▶ _Input for this task_:
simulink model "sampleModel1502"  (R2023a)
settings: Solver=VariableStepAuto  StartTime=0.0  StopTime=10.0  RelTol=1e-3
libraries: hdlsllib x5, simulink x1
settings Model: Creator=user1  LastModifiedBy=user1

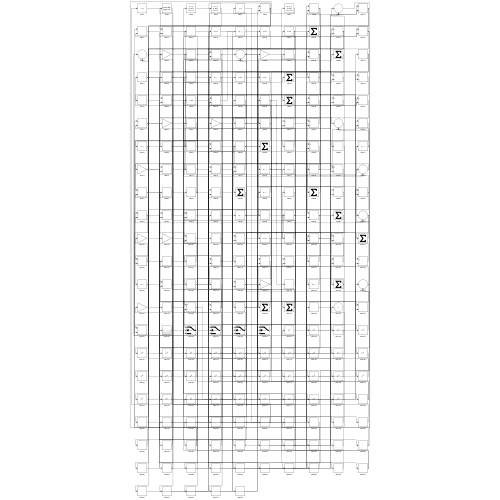
[thumbnail: Simulink's stored preview of the top-level diagram]
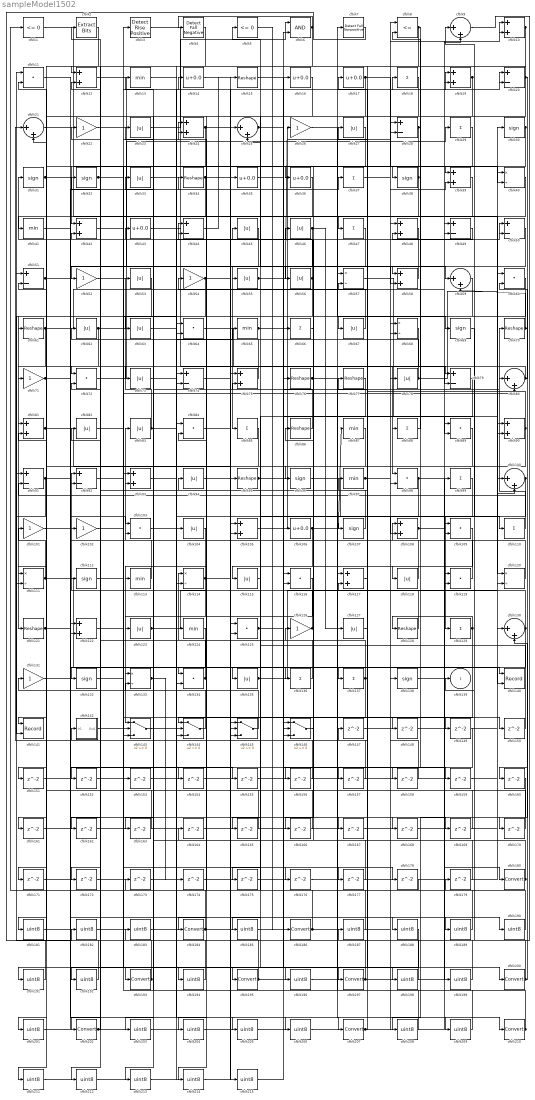
== system sampleModel1502 ==
  cfblk1 : hdlsllib/Logic and Bit Operations/Compare To Zero  relop=<=  OutDataTypeStr=boolean
  cfblk{10,12,19,24,39,42,48,58,75,81,90,93,105,108,117,122} (16 alike) : Sum
  cfblk{9,21,25,59,80,100,130} (7 alike) : Sum  Inputs=|++
  cfblk{22,26,52,54,71,101..102,126,131} (9 alike) : Gain
  cfblk{11,60,64,72,84,89,98,103,109,116,119,125,134} (13 alike) : DotProduct  OutDataTypeStr=Inherit: Inherit via internal rule
  cfblk{23,27,33,45..46,53,55..56,62..63,67,73,78,82..83,94,104,115,118,123,127,135} (22 alike) : Abs  SaturateOnIntegerOverflow=off
  cfblk{14,16..17,35..36,43,106} (7 alike) : Bias  Bias=0.0  SaturateOnIntegerOverflow=off
  cfblk{30..32,38,69,96,107,112,132,138} (10 alike) : Signum
  cfblk{18,29,37,47,66,85,88,99,110,129,136..137} (12 alike) : Sum  Inputs=+
  cfblk{40,57,68,111,114,120,133} (7 alike) : Product  Inputs=*/  RndMeth=Zero  SaturateOnIntegerOverflow=on
  cfblk{13,41,65,87,97,113,124} (7 alike) : MinMax
  cfblk{15,34,61,70,76..77,86,95,121,128} (10 alike) : Reshape
  cfblk140 : Record  FileSettingsInternal="{\"entries\":[{\"content\":{\"excelSettings\":{\"content\":{},\"type\":\"Streamout.ExcelSettings\"}},\"type\":\"Streamout.FileSettingStorage\",\"uuid\":\"\"}],\"packageUris\":[\"http:\\/\\/schema.mathworks.com\\/mf0\\/streamout_blocks\\/R2020a\"],\"version\":\"1.0\"}"  Layout=[1 1]  SignalsInternal="{\"entries\":[{\"content\":{\"signals\":[{\"content\":{\"blockPath\":[],\"dimensions\":[1],\"domain\":\"\",\"lineColor\":\"#a2142f\",\"plots\":[1],\"port\":1,\"signalID\":1298,\"signalName\":\"XY Graph:1\"},\"type\":\"RecordBlkView.Signal\",\"uuid\":\"\"},{\"content\":{\"blockPath\":[],\"dimensions\":[1],\"domain\":\"\",\"lineColor\":\"#139fff\",\"plots\":[1],\"port\":2,\"signalID\":1301,\"signalName\":\"XY Graph:2\"},\"type\":\"RecordBlkView.Signal\",\"uuid\":\"\"}]},\"type\":\"RecordBlkView.InputSignals\",\"uuid\":\"\"}],\"packageUris\":[\"http:\\/\\/schema.mathworks.com\\/mf0\\/streamout_blocks\\/R2020a\"],\"version\":\"1.0\"}"  VisualizationBindings="{\"xyplotplugin\":{\"info\":[{\"series\":[{\"bindingParametersList\":[{\"parameter\":\"X-Axis\",\"signalID\":1298,\"signalName\":\"XY Graph:1\"},{\"parameter\":\"Y-Axis\",\"signalID\":1301,\"signalName\":\"XY Graph:2\"}],\"seriesID\":63275}],\"subplotID\":1}]}}"  CompatibilityTag=XY  st=-1
  cfblk141 : Record  FileSettingsInternal="{\"entries\":[{\"content\":{\"excelSettings\":{\"content\":{},\"type\":\"Streamout.ExcelSettings\"}},\"type\":\"Streamout.FileSettingStorage\",\"uuid\":\"\"}],\"packageUris\":[\"http:\\/\\/schema.mathworks.com\\/mf0\\/streamout_blocks\\/R2020a\"],\"version\":\"1.0\"}"  Layout=[1 1]  SignalsInternal="{\"entries\":[{\"content\":{\"signals\":[{\"content\":{\"blockPath\":[],\"dimensions\":[1],\"domain\":\"\",\"lineColor\":\"#a2142f\",\"plots\":[1],\"port\":1,\"signalID\":1306,\"signalName\":\"XY Graph:1\"},\"type\":\"RecordBlkView.Signal\",\"uuid\":\"\"},{\"content\":{\"blockPath\":[],\"dimensions\":[1],\"domain\":\"\",\"lineColor\":\"#139fff\",\"plots\":[1],\"port\":2,\"signalID\":1309,\"signalName\":\"XY Graph:2\"},\"type\":\"RecordBlkView.Signal\",\"uuid\":\"\"}]},\"type\":\"RecordBlkView.InputSignals\",\"uuid\":\"\"}],\"packageUris\":[\"http:\\/\\/schema.mathworks.com\\/mf0\\/streamout_blocks\\/R2020a\"],\"version\":\"1.0\"}"  VisualizationBindings="{\"xyplotplugin\":{\"info\":[{\"series\":[{\"bindingParametersList\":[{\"parameter\":\"X-Axis\",\"signalID\":1306,\"signalName\":\"XY Graph:1\"},{\"parameter\":\"Y-Axis\",\"signalID\":1309,\"signalName\":\"XY Graph:2\"}],\"seriesID\":32852}],\"subplotID\":1}]}}"  CompatibilityTag=XY  st=-1
  cfblk142 : Subsystem
      settings: LibrarySourceBlock=|
      | hdlsllib/Ports &
      | Subsystems/Subsystem
  cfblk{143..146} (4 alike) : Switch  SaturateOnIntegerOverflow=off  InputSameDT=off
  cfblk{147..179} (33 alike) : Delay  SampleTime=1
  cfblk{180,184,186,193,195,197,200,202,207,210} (10 alike) : DataTypeConversion  SaturateOnIntegerOverflow=off  RndMeth=Floor
  cfblk{181..183,185,187..192,194,196,198..199,201,203..206,208..209,211..215} (26 alike) : DataTypeConversion  OutDataTypeStr=uint8  SaturateOnIntegerOverflow=off  RndMeth=Floor
  cfblk2 : simulink/Logic and Bit Operations/Extract Bits  bitsToExtract=Upper half  numBits=8  bitIdxRange=[0 7]  outScalingMode=Preserve fixed-point scaling
      settings: LibrarySourceBlock=|
      | hdlsllib/Logic and Bit
      | Operations/Extract Bits
  cfblk{20,28,44,49..51,74,79,91..92} (10 alike) : Sum  Inputs=+-
  cfblk3 : hdlsllib/Logic and Bit Operations/Detect Rise Positive  vinit=0  OutDataTypeStr=boolean
  cfblk4 : hdlsllib/Logic and Bit Operations/Detect Fall Negative  vinit=0  OutDataTypeStr=boolean
  cfblk5 : hdlsllib/Logic and Bit Operations/Compare To Zero  relop=<=  OutDataTypeStr=boolean
  cfblk6 : Logic  AllPortsSameDT=off  OutDataTypeStr=boolean
  cfblk7 : hdlsllib/Logic and Bit Operations/Detect Fall Nonpositive  vinit=0  OutDataTypeStr=boolean
  cfblk8 : RelationalOperator  Operator=<=  OutDataTypeStr=boolean  InputSameDT=off
  cfblk139 : Outport  VectorParamsAs1DForOutWhenUnconnected=off
  wires:
  cfblk95/1 -> cfblk50/1, cfblk159/1
  cfblk44/1 -> cfblk15/1
  cfblk66/1 -> cfblk132/1
  cfblk104/1 -> cfblk143/1
  cfblk106/1 -> cfblk87/1, cfblk146/3
  cfblk123/1 -> cfblk31/1, cfblk50/2
  cfblk45/1 -> cfblk85/1
  cfblk133/1 -> cfblk21/1, cfblk174/1
  cfblk23/1 -> cfblk6/1
  cfblk126/1 -> cfblk92/1, cfblk46/1
  cfblk134/1 -> cfblk114/1, cfblk33/1
  cfblk79/1 -> cfblk144/1
  cfblk28/1 -> cfblk125/2, cfblk41/1, cfblk148/1
  cfblk118/1 -> cfblk83/1
  cfblk111/1 -> cfblk133/1, cfblk101/1
  cfblk13/1 -> cfblk114/2
  cfblk74/1 -> cfblk210/1
  cfblk100/1 -> cfblk91/2, cfblk185/1
  cfblk84/1 -> cfblk107/1
  cfblk52/1 -> cfblk29/1
  cfblk30/1 -> cfblk42/1, cfblk134/2
  cfblk22/1 -> cfblk59/1
  cfblk77/1 -> cfblk115/1
  cfblk124/1 -> cfblk202/1
  cfblk21/1 -> cfblk120/1
  cfblk138/1 -> cfblk180/1
  cfblk10/1 -> cfblk118/1, cfblk71/1
  cfblk55/1 -> cfblk26/1, cfblk88/1
  cfblk110/1 -> cfblk70/1
  cfblk78/1 -> cfblk30/1, cfblk13/1
  cfblk113/1 -> cfblk92/2
  cfblk32/1 -> cfblk176/1, cfblk177/1
  cfblk94/1 -> cfblk35/1
  cfblk130/1 -> cfblk84/2, cfblk134/1
  cfblk40/1 -> cfblk123/1
  cfblk81/1 -> cfblk105/1, cfblk205/1
  cfblk114/1 -> cfblk113/1, cfblk20/2, cfblk163/1
  cfblk105/1 -> cfblk8/1
  cfblk97/1 -> cfblk77/1, cfblk39/2
  cfblk62/1 -> cfblk37/1, cfblk80/2, cfblk111/1
  cfblk144/1 -> cfblk43/1
  cfblk12/1 -> cfblk38/1
  cfblk125/1 -> cfblk80/1, cfblk198/1
  cfblk54/1 -> cfblk121/1, cfblk168/1
  cfblk38/1 -> cfblk36/1, cfblk162/1
  cfblk5/1 -> cfblk186/1
  cfblk33/1 -> cfblk98/1
  cfblk96/1 -> cfblk129/1
  cfblk103/1 -> cfblk19/1
  cfblk75/1 -> cfblk32/1
  cfblk120/1 -> cfblk108/1
  cfblk90/1 -> cfblk27/1, cfblk137/1
  cfblk71/1 -> cfblk154/1, cfblk155/1
  cfblk91/1 -> cfblk140/1, cfblk141/2
  cfblk56/1 -> cfblk44/1, cfblk111/2
  cfblk35/1 -> cfblk106/1
  cfblk128/1 -> cfblk45/1
  cfblk131/1 -> cfblk193/1
  cfblk136/1 -> cfblk82/1
  cfblk64/1 -> cfblk79/1
  cfblk27/1 -> cfblk56/1
  cfblk117/1 -> cfblk197/1
  cfblk67/1 -> cfblk54/1
  cfblk3/1 -> cfblk100/1
  cfblk31/1 -> cfblk103/1, cfblk58/2
  cfblk42/1 -> cfblk64/2
  cfblk49/1 -> cfblk48/2
  cfblk48/1 -> cfblk96/1
  cfblk69/1 -> cfblk109/1
  cfblk98/1 -> cfblk135/1, cfblk110/1
  cfblk73/1 -> cfblk109/2
  cfblk51/1 -> cfblk122/2, cfblk206/1
  cfblk36/1 -> cfblk141/1
  cfblk1/1 -> cfblk40/2
  cfblk24/1 -> cfblk25/1, cfblk143/3
  cfblk129/1 -> cfblk128/1, cfblk145/2
  cfblk86/1 -> cfblk23/1
  cfblk137/1 -> cfblk17/1, cfblk62/1, cfblk75/2, cfblk214/1
  cfblk112/1 -> cfblk3/1
  cfblk127/1 -> cfblk97/1
  cfblk58/1 -> cfblk52/1
  cfblk34/1 -> cfblk108/2, cfblk63/1
  cfblk43/1 -> cfblk66/1
  cfblk19/1 -> cfblk21/2, cfblk201/1
  cfblk20/1 -> cfblk12/1, cfblk160/1, cfblk161/1
  cfblk16/1 -> cfblk184/1
  cfblk18/1 -> cfblk144/2
  cfblk8/1 -> cfblk47/1, cfblk58/1
  cfblk99/1 -> cfblk195/1
  cfblk6/1 -> cfblk4/1, cfblk61/1, cfblk172/1, cfblk192/1
  cfblk57/1 -> cfblk89/2
  cfblk122/1 -> cfblk24/1
  cfblk93/1 -> cfblk207/1
  cfblk102/1 -> cfblk200/1
  cfblk83/1 -> cfblk53/1, cfblk136/1
  cfblk76/1 -> cfblk18/1, cfblk209/1
  cfblk143/1 -> cfblk65/1
  cfblk135/1 -> cfblk60/1, cfblk169/1
  cfblk145/1 -> cfblk51/2
  cfblk119/1 -> cfblk44/2
  cfblk108/1 -> cfblk9/2, cfblk150/1
  cfblk72/1 -> cfblk20/1
  cfblk15/1 -> cfblk140/2
  cfblk101/1 -> cfblk34/1
  cfblk25/1 -> cfblk90/2, cfblk178/1
  cfblk92/1 -> cfblk14/1
  cfblk26/1 -> cfblk69/1
  cfblk121/1 -> cfblk167/1, cfblk181/1
  cfblk65/1 -> cfblk76/1, cfblk79/2
  cfblk4/1 -> cfblk144/3
  cfblk46/1 -> cfblk105/2, cfblk127/1
  cfblk88/1 -> cfblk8/2
  cfblk17/1 -> cfblk73/1, cfblk55/1, cfblk39/1
  cfblk37/1 -> cfblk10/1
  cfblk61/1 -> cfblk10/2, cfblk81/1
  cfblk107/1 -> cfblk2/1
  cfblk60/1 -> cfblk67/1
  cfblk146/1 -> cfblk86/1
  cfblk80/1 -> cfblk72/1, cfblk60/2
  cfblk70/1 -> cfblk59/2, cfblk170/1
  cfblk147/1 -> cfblk40/1
  cfblk148/1 -> cfblk89/1
  cfblk132/1 -> cfblk149/1
  cfblk150/1 -> cfblk25/2
  cfblk87/1 -> cfblk151/1
  cfblk151/1 -> cfblk122/1
  cfblk53/1 -> cfblk152/1
  cfblk152/1 -> cfblk125/1
  cfblk82/1 -> cfblk153/1
  cfblk153/1 -> cfblk120/2
  cfblk154/1 -> cfblk146/1
  cfblk155/1 -> cfblk19/2
  cfblk47/1 -> cfblk156/1
  cfblk156/1 -> cfblk84/1
  cfblk29/1 -> cfblk157/1
  cfblk157/1 -> cfblk51/1
  cfblk50/1 -> cfblk158/1
  cfblk158/1 -> cfblk48/1
  cfblk159/1 -> cfblk9/1
  cfblk161/1 -> cfblk6/2
  cfblk162/1 -> cfblk12/2
  cfblk163/1 -> cfblk81/2
  cfblk164/1 -> cfblk28/1
  cfblk115/1 -> cfblk165/1
  cfblk165/1 -> cfblk133/2
  cfblk39/1 -> cfblk166/1
  cfblk166/1 -> cfblk143/2
  cfblk167/1 -> cfblk100/2
  cfblk169/1 -> cfblk57/2
  cfblk170/1 -> cfblk24/2
  cfblk59/1 -> cfblk171/1
  cfblk171/1 -> cfblk146/2
  cfblk172/1 -> cfblk49/2
  cfblk173/1 -> cfblk145/3
  cfblk174/1 -> cfblk145/1
  cfblk109/1 -> cfblk175/1
  cfblk175/1 -> cfblk130/1
  cfblk176/1 -> cfblk90/1
  cfblk177/1 -> cfblk75/1
  cfblk178/1 -> cfblk1/1
  cfblk179/1 -> cfblk103/2
  cfblk180/1 -> cfblk164/1, cfblk126/1
  cfblk181/1 -> cfblk138/1
  cfblk7/1 -> cfblk182/1
  cfblk182/1 -> cfblk104/1
  cfblk9/1 -> cfblk183/1
  cfblk183/1 -> cfblk7/1
  cfblk184/1 -> cfblk72/2, cfblk28/2
  cfblk185/1 -> cfblk16/1
  cfblk186/1 -> cfblk173/1, cfblk94/1
  cfblk187/1 -> cfblk5/1
  cfblk142/1(Out1) -> cfblk188/1
  cfblk63/1 -> cfblk189/1
  cfblk189/1 -> cfblk142/1(In1)
  cfblk11/1 -> cfblk190/1
  cfblk190/1 -> cfblk139/1
  cfblk188/1 -> cfblk191/1
  cfblk191/1 -> cfblk11/1
  cfblk192/1 -> cfblk11/2
  cfblk193/1 -> cfblk22/1, cfblk112/1
  cfblk89/1 -> cfblk194/1
  cfblk194/1 -> cfblk131/1
  cfblk195/1 -> cfblk98/2, cfblk91/1
  cfblk41/1 -> cfblk196/1
  cfblk196/1 -> cfblk99/1
  cfblk197/1 -> cfblk49/1, cfblk64/1
  cfblk198/1 -> cfblk117/1
  cfblk168/1 -> cfblk199/1
  cfblk199/1 -> cfblk117/2
  cfblk200/1 -> cfblk179/1, cfblk130/2
  cfblk201/1 -> cfblk102/1
  cfblk202/1 -> cfblk119/2, cfblk42/2
  cfblk85/1 -> cfblk203/1
  cfblk203/1 -> cfblk124/1
  cfblk68/1 -> cfblk204/1
  cfblk204/1 -> cfblk78/1
  cfblk205/1 -> cfblk68/1
  cfblk206/1 -> cfblk68/2
  cfblk207/1 -> cfblk187/1, cfblk119/1
  cfblk160/1 -> cfblk208/1
  cfblk208/1 -> cfblk93/1
  cfblk209/1 -> cfblk93/2
  cfblk210/1 -> cfblk147/1, cfblk57/1
  cfblk2/1 -> cfblk211/1
  cfblk211/1 -> cfblk74/1
  cfblk149/1 -> cfblk212/1
  cfblk212/1 -> cfblk74/2
  cfblk116/1 -> cfblk213/1
  cfblk213/1 -> cfblk95/1
  cfblk214/1 -> cfblk116/1
  cfblk14/1 -> cfblk215/1
  cfblk215/1 -> cfblk116/2

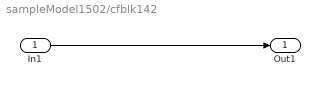
== system sampleModel1502/cfblk142 ==
  In1 : Inport
  Out1 : Outport
  wires:
  In1/1 -> Out1/1

▶ _Problem details_: Above is a listing; print exactly its lines from the one with "cfblk144/1 -> cfblk43/1" through the one with "cfblk61/1 -> cfblk10/2, cfblk81/1", and no other lines.

▶ _Reply_:
  cfblk144/1 -> cfblk43/1
  cfblk12/1 -> cfblk38/1
  cfblk125/1 -> cfblk80/1, cfblk198/1
  cfblk54/1 -> cfblk121/1, cfblk168/1
  cfblk38/1 -> cfblk36/1, cfblk162/1
  cfblk5/1 -> cfblk186/1
  cfblk33/1 -> cfblk98/1
  cfblk96/1 -> cfblk129/1
  cfblk103/1 -> cfblk19/1
  cfblk75/1 -> cfblk32/1
  cfblk120/1 -> cfblk108/1
  cfblk90/1 -> cfblk27/1, cfblk137/1
  cfblk71/1 -> cfblk154/1, cfblk155/1
  cfblk91/1 -> cfblk140/1, cfblk141/2
  cfblk56/1 -> cfblk44/1, cfblk111/2
  cfblk35/1 -> cfblk106/1
  cfblk128/1 -> cfblk45/1
  cfblk131/1 -> cfblk193/1
  cfblk136/1 -> cfblk82/1
  cfblk64/1 -> cfblk79/1
  cfblk27/1 -> cfblk56/1
  cfblk117/1 -> cfblk197/1
  cfblk67/1 -> cfblk54/1
  cfblk3/1 -> cfblk100/1
  cfblk31/1 -> cfblk103/1, cfblk58/2
  cfblk42/1 -> cfblk64/2
  cfblk49/1 -> cfblk48/2
  cfblk48/1 -> cfblk96/1
  cfblk69/1 -> cfblk109/1
  cfblk98/1 -> cfblk135/1, cfblk110/1
  cfblk73/1 -> cfblk109/2
  cfblk51/1 -> cfblk122/2, cfblk206/1
  cfblk36/1 -> cfblk141/1
  cfblk1/1 -> cfblk40/2
  cfblk24/1 -> cfblk25/1, cfblk143/3
  cfblk129/1 -> cfblk128/1, cfblk145/2
  cfblk86/1 -> cfblk23/1
  cfblk137/1 -> cfblk17/1, cfblk62/1, cfblk75/2, cfblk214/1
  cfblk112/1 -> cfblk3/1
  cfblk127/1 -> cfblk97/1
  cfblk58/1 -> cfblk52/1
  cfblk34/1 -> cfblk108/2, cfblk63/1
  cfblk43/1 -> cfblk66/1
  cfblk19/1 -> cfblk21/2, cfblk201/1
  cfblk20/1 -> cfblk12/1, cfblk160/1, cfblk161/1
  cfblk16/1 -> cfblk184/1
  cfblk18/1 -> cfblk144/2
  cfblk8/1 -> cfblk47/1, cfblk58/1
  cfblk99/1 -> cfblk195/1
  cfblk6/1 -> cfblk4/1, cfblk61/1, cfblk172/1, cfblk192/1
  cfblk57/1 -> cfblk89/2
  cfblk122/1 -> cfblk24/1
  cfblk93/1 -> cfblk207/1
  cfblk102/1 -> cfblk200/1
  cfblk83/1 -> cfblk53/1, cfblk136/1
  cfblk76/1 -> cfblk18/1, cfblk209/1
  cfblk143/1 -> cfblk65/1
  cfblk135/1 -> cfblk60/1, cfblk169/1
  cfblk145/1 -> cfblk51/2
  cfblk119/1 -> cfblk44/2
  cfblk108/1 -> cfblk9/2, cfblk150/1
  cfblk72/1 -> cfblk20/1
  cfblk15/1 -> cfblk140/2
  cfblk101/1 -> cfblk34/1
  cfblk25/1 -> cfblk90/2, cfblk178/1
  cfblk92/1 -> cfblk14/1
  cfblk26/1 -> cfblk69/1
  cfblk121/1 -> cfblk167/1, cfblk181/1
  cfblk65/1 -> cfblk76/1, cfblk79/2
  cfblk4/1 -> cfblk144/3
  cfblk46/1 -> cfblk105/2, cfblk127/1
  cfblk88/1 -> cfblk8/2
  cfblk17/1 -> cfblk73/1, cfblk55/1, cfblk39/1
  cfblk37/1 -> cfblk10/1
  cfblk61/1 -> cfblk10/2, cfblk81/1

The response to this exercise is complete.